The other difficult term is vocabulary. What counts as a word that somebody knows? Is it one that a person uses regularly and accurately? Or perhaps one that will be correctly recognised — say in written text — but not used? Or perhaps one that will be understood in context but which the person may not easily be able to define? This distinction between what linguists call active and passive vocabularies is hard to measure, and it skews estimates.
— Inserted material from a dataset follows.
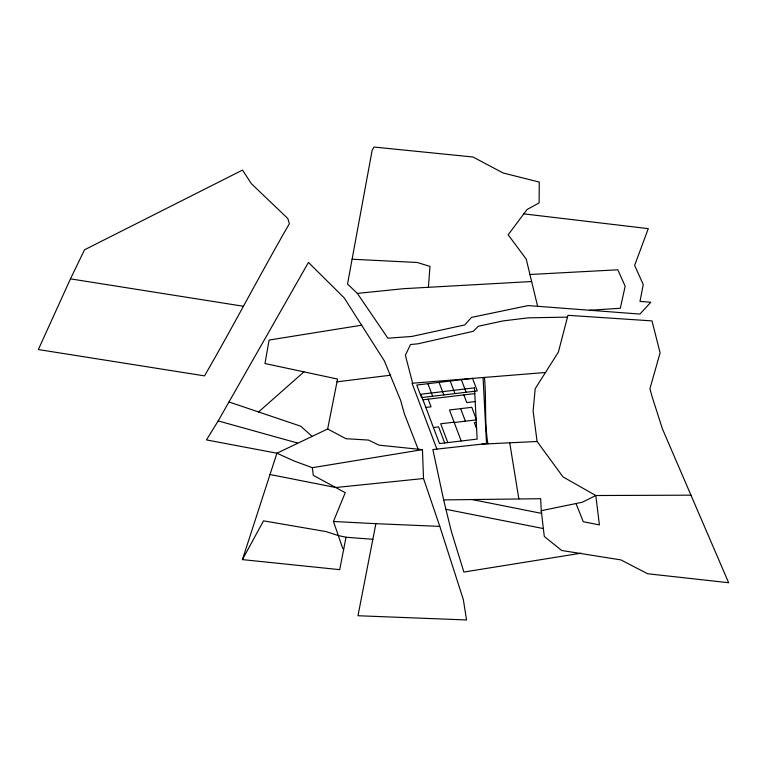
<?xml version="1.0" encoding="UTF-8"?>
<svg xmlns="http://www.w3.org/2000/svg" width="767" height="767" viewBox="0 0 767 767"><rect width="100%" height="100%" fill="white"/><g stroke="black" fill="none" stroke-linecap="round" stroke-linejoin="round"><path stroke-width="1.15" d="M428.389 287.299L429.98 266.408L417.238 262.487L352.091 259.217M372.848 539.306L346.022 537.236L339.714 569.66L242.41 559.613L276.925 453.211L327.662 428.964L345.984 438.714L368.409 440.057L378.956 445.138L422.444 449.654L423.528 478.522L439.807 526.392L463.335 599.602L466.566 619.957L357.978 615.738L375.888 523.679L439.807 526.392M327.662 428.964L337.566 379.051L264.979 363.529L269.092 340.059L361.621 325.208M691.077 495.175L595.806 495.52L563.007 476.901L537.082 441.485L533.103 411.026L535.203 388.716L558.376 352.111L567.963 315.314L651.998 320.894L660.109 352.858L649.927 388.696L652.027 396.481L662.467 428.983L728.65 582.719L647.597 573.745L620.925 559.91L561.693 550.485L544.282 536.43L541.272 510.688L540.649 498.713L443.642 499.902L432.876 449.548L486.518 443.614L483.076 377.537M343.712 549.105L342.705 548.3L333.444 521.474L345.236 492.682L313.31 475.358L312.332 467.688L293.914 460.938L276.925 453.211L206.476 439.913L218.192 420.91L308.449 262.429L344.134 297.788L384.325 360.826L400.566 400.201L404.305 413.624L418.159 449.213M70.468 278.862L38.35 349.551L204.53 375.878C233.647 325.467 260.397 273.992 289.38 223.638L287.817 218.509L251.346 183.668L242.535 170.073L84.523 249.802L70.468 278.862L243.532 306.282M242.41 559.613L263.522 520.841L325.898 531.56L338.305 535.558L346.022 537.236M228.969 401.975L258.565 411.956L303.953 371.861M312.332 467.688L422.444 449.654M581.156 553.18L463.872 572.057L451.351 531.426L443.642 499.902M337.02 381.813L390.652 375.197M422.953 399.789L474.783 393.605M425.848 407.45L431.044 406.826L428.159 399.166M475.204 401.563L466.758 402.57L463.862 394.909M454.093 422.186L440.699 423.777L447.803 442.597M454.217 422.512L476.537 419.856L471.801 407.315L449.481 409.971L461.197 440.996M433.422 427.516L438.619 426.893L444.687 442.962M476.288 422.406L474.332 422.636L476.614 428.686M523.813 213.868L648.278 228.633L634.635 265.401L643.254 284.557L639.994 301.421L650.838 302.227L639.927 314.077L537.629 306.301L526.229 259.112L508.157 234.788L527.063 209.535L539.124 202.9L539.259 182.076L503.056 172.968L473.018 157.005L373.989 147.043L372.168 150.198L347.528 284.011L357.355 293.397L403.595 288.689L531.646 281.527M423.528 478.522L335.793 487.515L270.013 474.514M537.082 441.485L481.734 444.141M545.644 372.484L412.052 383.26L436.902 449.098M529.949 274.5L617.79 269.792L625.172 286.216L620.311 308.276L589.392 310.261M567.494 317.126L528.233 317.835L503.037 320.913L478.33 326.243L473.277 331.296L417.967 343.808L410.508 344.527L405.379 355.265L412.636 383.212M333.444 521.474L375.888 523.679M537.629 306.301L528.07 305.592L471.513 317.394L464.783 324.93L411.831 336.445L387.881 338.199L357.355 293.397M445.943 509.298L543.362 528.559M472.021 499.528L541.588 513.391L541.272 510.688L582.278 502.241L595.806 495.52L599.411 524.925L583.246 521.694L576.027 503.526M218.192 420.91L297.634 443.058M258.565 411.956L300.674 426.193L312.025 436.298M461.389 379.713L466.115 392.263M450.229 381.046L454.956 393.586M460.641 408.638L465.377 421.188M439.069 382.378L443.805 394.919M427.909 383.711L432.646 396.251M509.729 442.847L518.847 498.905M487.927 443.968C484.226 421.898 486.546 399.607 484.447 377.422M472.539 378.38L416.749 385.034L421.486 397.584L477.275 390.93L472.539 378.38M474.485 387.853L420.862 394.248L439.481 443.585L477.151 439.098L474.485 387.853"/></g></svg>

The problem doesn’t stop there. English speakers not only know words, they know word-forming elements, such as the ending -phobia for some irrational fear. A journalist rushing to meet a deadline might take a word he knows, like Serb, and tack on the ending to make Serbophobia. He’s just added a word to the language (probably only temporarily), but can he really be said to have that word in his vocabulary? If nobody ever uses it again, can we legitimately count it? By reversing the coining process, a reader of the newspaper can easily work out the word’s origin and meaning. Has the reader also added a word to his vocabulary?
Can you now see why estimates of the total number of words in the English language and in a person’s vocabulary are so difficult to make, and why they vary so much one from another? David Crystal, in the Cambridge Encyclopedia of the English Language, suggests that there must be at least a million words in the language. Tom McArthur, in the Oxford Companion to the English Language, comes up with a similar figure. David Crystal further says that if you allow all scientific terms the total could easily reach two million (this doesn’t count the formal names for organisms I spoke about earlier, just technical vocabulary).
Assessing the size of the vocabulary of an individual is at least as problematical. Take Shakespeare: you’d think it would be easy to assess his vocabulary. We have the plays and sonnets and we just have to count the words in them (according to the American Heritage Dictionary, there are 884,647 of them, made up of 29,066 distinct forms, including proper names). But estimates of Shakespeare’s vocabulary vary from about 18,000 to 25,000 in various books, because writers have different views about what constitutes a distinct word.
It’s common to see figures for vocabulary quoted such as 10,000-12,000 words for a 16-year-old, and 20,000-25,000 for a college graduate. These seem not to have much research to back them up. Usually they don’t make clear whether active or passive vocabulary is being quoted, and they don’t account for differences in lifestyle, profession and hobby interests between individuals.
David Crystal described a simple research project — using random pages from a dictionary — that suggests these figures are severe underestimates. He concludes that a better average for a college graduate might be 60,000 active words and 75,000 passive ones. But this method of assessing vocabulary counts dictionary headwords only; it would be possible to multiply it several-fold to include different senses, inflected forms, and compounds. Another assessment — of a million-word collection of American texts — identified about 38,000 headwords. Bearing in mind this was all general writing, this doesn’t sound so different from David Crystal’s estimates for graduate vocabularies.